## Work instructions
Filter the entries for the string "PINHD". Copy each line that has it.

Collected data
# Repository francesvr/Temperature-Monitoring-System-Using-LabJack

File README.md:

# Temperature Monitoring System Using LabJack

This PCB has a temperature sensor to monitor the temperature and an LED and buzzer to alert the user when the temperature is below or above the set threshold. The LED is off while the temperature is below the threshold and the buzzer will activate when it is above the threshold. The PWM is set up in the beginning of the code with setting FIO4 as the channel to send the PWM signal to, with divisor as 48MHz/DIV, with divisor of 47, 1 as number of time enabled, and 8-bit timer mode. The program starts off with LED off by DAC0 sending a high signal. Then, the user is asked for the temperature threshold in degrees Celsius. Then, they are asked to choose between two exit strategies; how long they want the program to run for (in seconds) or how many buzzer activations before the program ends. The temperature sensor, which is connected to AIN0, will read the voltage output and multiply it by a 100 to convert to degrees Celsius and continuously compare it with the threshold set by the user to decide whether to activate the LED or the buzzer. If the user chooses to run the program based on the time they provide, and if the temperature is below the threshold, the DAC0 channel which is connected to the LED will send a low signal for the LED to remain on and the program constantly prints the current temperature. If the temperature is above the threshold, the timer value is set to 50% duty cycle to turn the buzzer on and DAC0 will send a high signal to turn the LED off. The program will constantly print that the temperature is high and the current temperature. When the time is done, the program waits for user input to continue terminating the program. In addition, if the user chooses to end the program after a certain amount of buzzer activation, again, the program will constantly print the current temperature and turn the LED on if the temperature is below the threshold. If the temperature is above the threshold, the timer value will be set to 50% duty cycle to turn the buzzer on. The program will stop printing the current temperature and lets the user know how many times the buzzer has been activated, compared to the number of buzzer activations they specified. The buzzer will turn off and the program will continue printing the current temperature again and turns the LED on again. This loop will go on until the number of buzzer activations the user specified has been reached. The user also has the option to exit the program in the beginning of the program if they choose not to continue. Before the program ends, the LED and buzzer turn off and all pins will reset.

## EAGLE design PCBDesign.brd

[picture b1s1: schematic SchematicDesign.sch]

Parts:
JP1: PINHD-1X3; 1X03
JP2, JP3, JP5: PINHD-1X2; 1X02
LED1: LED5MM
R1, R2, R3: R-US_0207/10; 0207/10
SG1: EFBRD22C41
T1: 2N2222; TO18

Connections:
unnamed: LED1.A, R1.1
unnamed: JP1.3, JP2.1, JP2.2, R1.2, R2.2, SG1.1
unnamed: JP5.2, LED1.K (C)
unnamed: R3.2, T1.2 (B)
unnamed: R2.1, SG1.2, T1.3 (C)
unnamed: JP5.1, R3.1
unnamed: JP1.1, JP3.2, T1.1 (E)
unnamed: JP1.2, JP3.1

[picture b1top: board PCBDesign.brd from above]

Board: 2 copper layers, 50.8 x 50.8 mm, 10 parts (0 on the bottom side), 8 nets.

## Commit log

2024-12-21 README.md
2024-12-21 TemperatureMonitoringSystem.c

## Answer to this task
JP1: PINHD-1X3; 1X03
JP2, JP3, JP5: PINHD-1X2; 1X02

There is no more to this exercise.